PROBLEM –
Extract all lines in the data that contain the word "against".

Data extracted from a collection
>>>>>

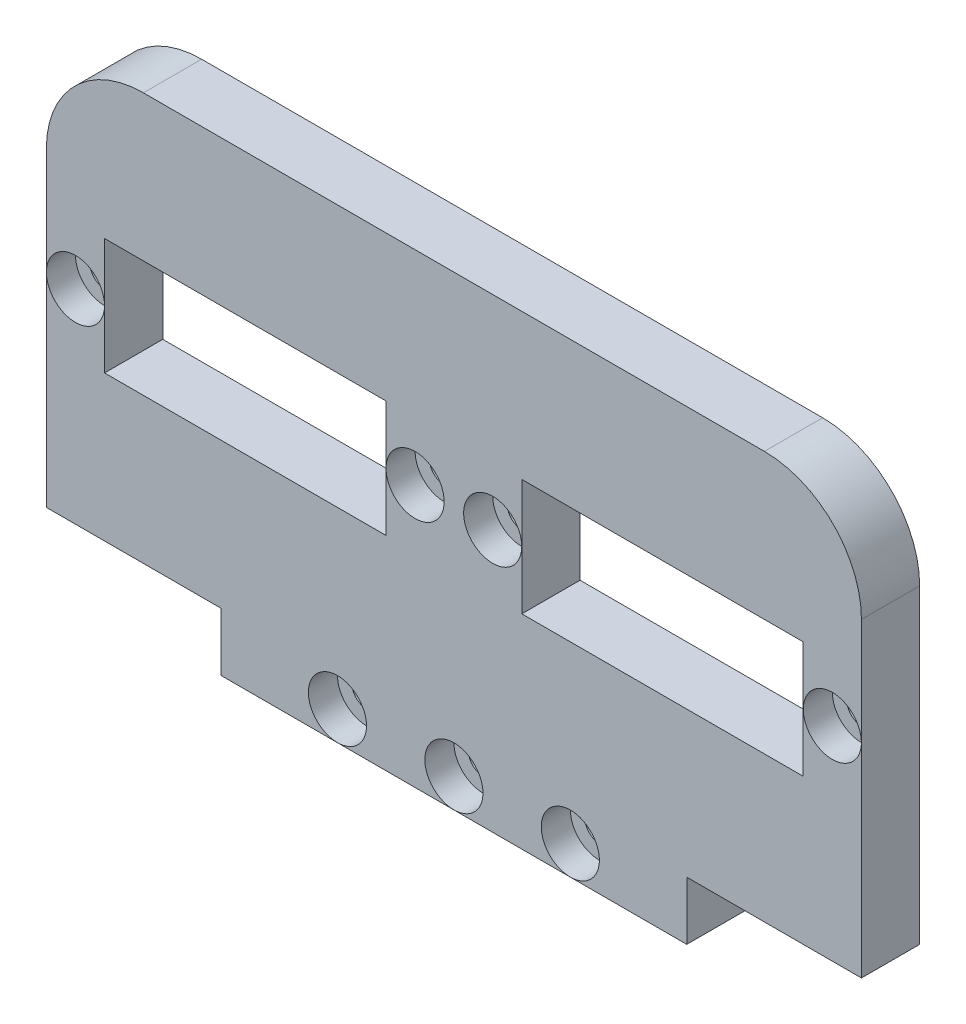
SolidWorks part; units mm, degrees
ref_plane "Plan de face" through (0, 0, 0) normal (0, 0, 1) x (1, 0, 0)
ref_plane "Plan de dessus" through (0, 0, 0) normal (0, 1, 0) x (1, 0, 0)
ref_plane "Plan de droite" through (0, 0, 0) normal (1, 0, 0) x (0, 0, -1)
sketch "Esquisse2" plane through (0, 0, 0) normal (0, 0, 1) x (1, 0, 0)
  line L1 (-31.4126, 34.1319) -> (52.5874, 34.1319)
  line L2 (-31.4126, 34.1319) -> (-31.4126, -13.8681)
  line L3 (-31.4126, -13.8681) -> (52.5874, -13.8681)
  line L4 (52.5874, 34.1319) -> (52.5874, -13.8681)
  dimension "D1" = 84
  dimension "D2" = 48
extrude "Boss.-Extru.1" add sketch "Esquisse2" along normal blind 6
sketch "Esquisse3" plane through (0, 0, 6) normal (0, 0, 1) x (1, 0, 0)
  line L0 (-31.4126, -13.8681) -> (52.5874, -13.8681) construction
  line L1 (-31.4126, -13.8681) -> (-13.4126, -13.8681)
  line L2 (-31.4126, -13.8681) -> (-31.4126, -7.8681)
  line L3 (-31.4126, -7.8681) -> (-13.4126, -7.8681)
  line L4 (-13.4126, -13.8681) -> (-13.4126, -7.8681)
  line L5 (52.5874, -13.8681) -> (34.5874, -13.8681)
  line L6 (52.5874, -13.8681) -> (52.5874, -7.8681)
  line L7 (52.5874, -7.8681) -> (34.5874, -7.8681)
  line L8 (34.5874, -13.8681) -> (34.5874, -7.8681)
  line L9 (-25.4126, 19.1319) -> (3.5874, 19.1319)
  line L10 (-25.4126, 19.1319) -> (-25.4126, 7.1319)
  line L11 (-25.4126, 7.1319) -> (3.5874, 7.1319)
  line L12 (3.5874, 19.1319) -> (3.5874, 7.1319)
  line L13 (17.5874, 19.1319) -> (46.5874, 19.1319)
  line L14 (17.5874, 19.1319) -> (17.5874, 7.1319)
  line L15 (17.5874, 7.1319) -> (46.5874, 7.1319)
  line L16 (46.5874, 19.1319) -> (46.5874, 7.1319)
  line L17 (-31.4126, 34.1319) -> (-31.4126, -13.8681) construction
  line L18 (52.5874, -13.8681) -> (52.5874, 34.1319) construction
  line L19 (52.5874, 34.1319) -> (-31.4126, 34.1319) construction
  line L20 (10.5874, -13.8681) -> (10.5874, -3.522) construction
  line L21 (-31.4126, -13.8681) -> (52.5874, -13.8681) construction
  circle A0 centre (-28.4126, 13.1319) radius 1.5
  circle A1 centre (49.5874, 13.1319) radius 1.5
  circle A2 centre (6.5874, 13.1319) radius 1.5
  circle A3 centre (14.5874, 13.1319) radius 1.5
  circle A4 centre (-1.4126, -10.8681) radius 1.5
  circle A5 centre (22.5874, -10.8681) radius 1.5
  circle A6 centre (10.5874, -10.8681) radius 1.5
  dimension "D14" = 3
  dimension "D15" = 3
  dimension "D16" = 3
  dimension "D17" = 3
  dimension "D18" = 21
  dimension "D19" = 21
  dimension "D20" = 3
  dimension "D21" = 3
  dimension "D22" = 3
  dimension "D23" = 3
  dimension "D24" = 3
  dimension "D25" = 3
  dimension "D26" = 12
  dimension "D29" = 3
  dimension "D1" = 18
  dimension "D2" = 18
  dimension "D3" = 48
  dimension "D4" = 6
  dimension "D5" = 6
  dimension "D6" = 15
  dimension "D7" = 6
  dimension "D8" = 6
  dimension "D9" = 15
  dimension "D10" = 29
  dimension "D11" = 12
  dimension "D12" = 29
  dimension "D13" = 12
  dimension "D27" = 6
  dimension "D28" = 6
  dimension "D30" = 0
extrude "Enlèv. mat.-Extru.1" cut sketch "Esquisse3" against normal blind 6
sketch "Esquisse4" plane through (0, 0, 6) normal (0, 0, 1) x (1, 0, 0)
  circle A0 centre (-1.4126, -10.8681) radius 2.995
  circle A1 centre (22.5874, -10.8681) radius 2.995
  circle A3 centre (10.5874, -10.8681) radius 2.995
  circle A4 centre (-28.4126, 13.1319) radius 2.995
  circle A5 centre (6.5874, 13.1319) radius 2.995
  circle A6 centre (14.5874, 13.1319) radius 2.995
  circle A7 centre (49.5874, 13.1319) radius 2.995
  dimension "D1" = 5.99
  dimension "D2" = 5.99
  dimension "D3" = 5.99
  dimension "D4" = 5.99
  dimension "D5" = 5.99
  dimension "D6" = 5.99
  dimension "D7" = 5.99
extrude "Enlèv. mat.-Extru.2" cut sketch "Esquisse4" against normal blind 3
fillet "Congé1" radius 10 2 edges at (52.5874, 34.1319, 3) (-31.4126, 34.1319, 3)

<<<<<

ANSWER SPACE –
extrude "Enlèv. mat.-Extru.1" cut sketch "Esquisse3" against normal blind 6
extrude "Enlèv. mat.-Extru.2" cut sketch "Esquisse4" against normal blind 3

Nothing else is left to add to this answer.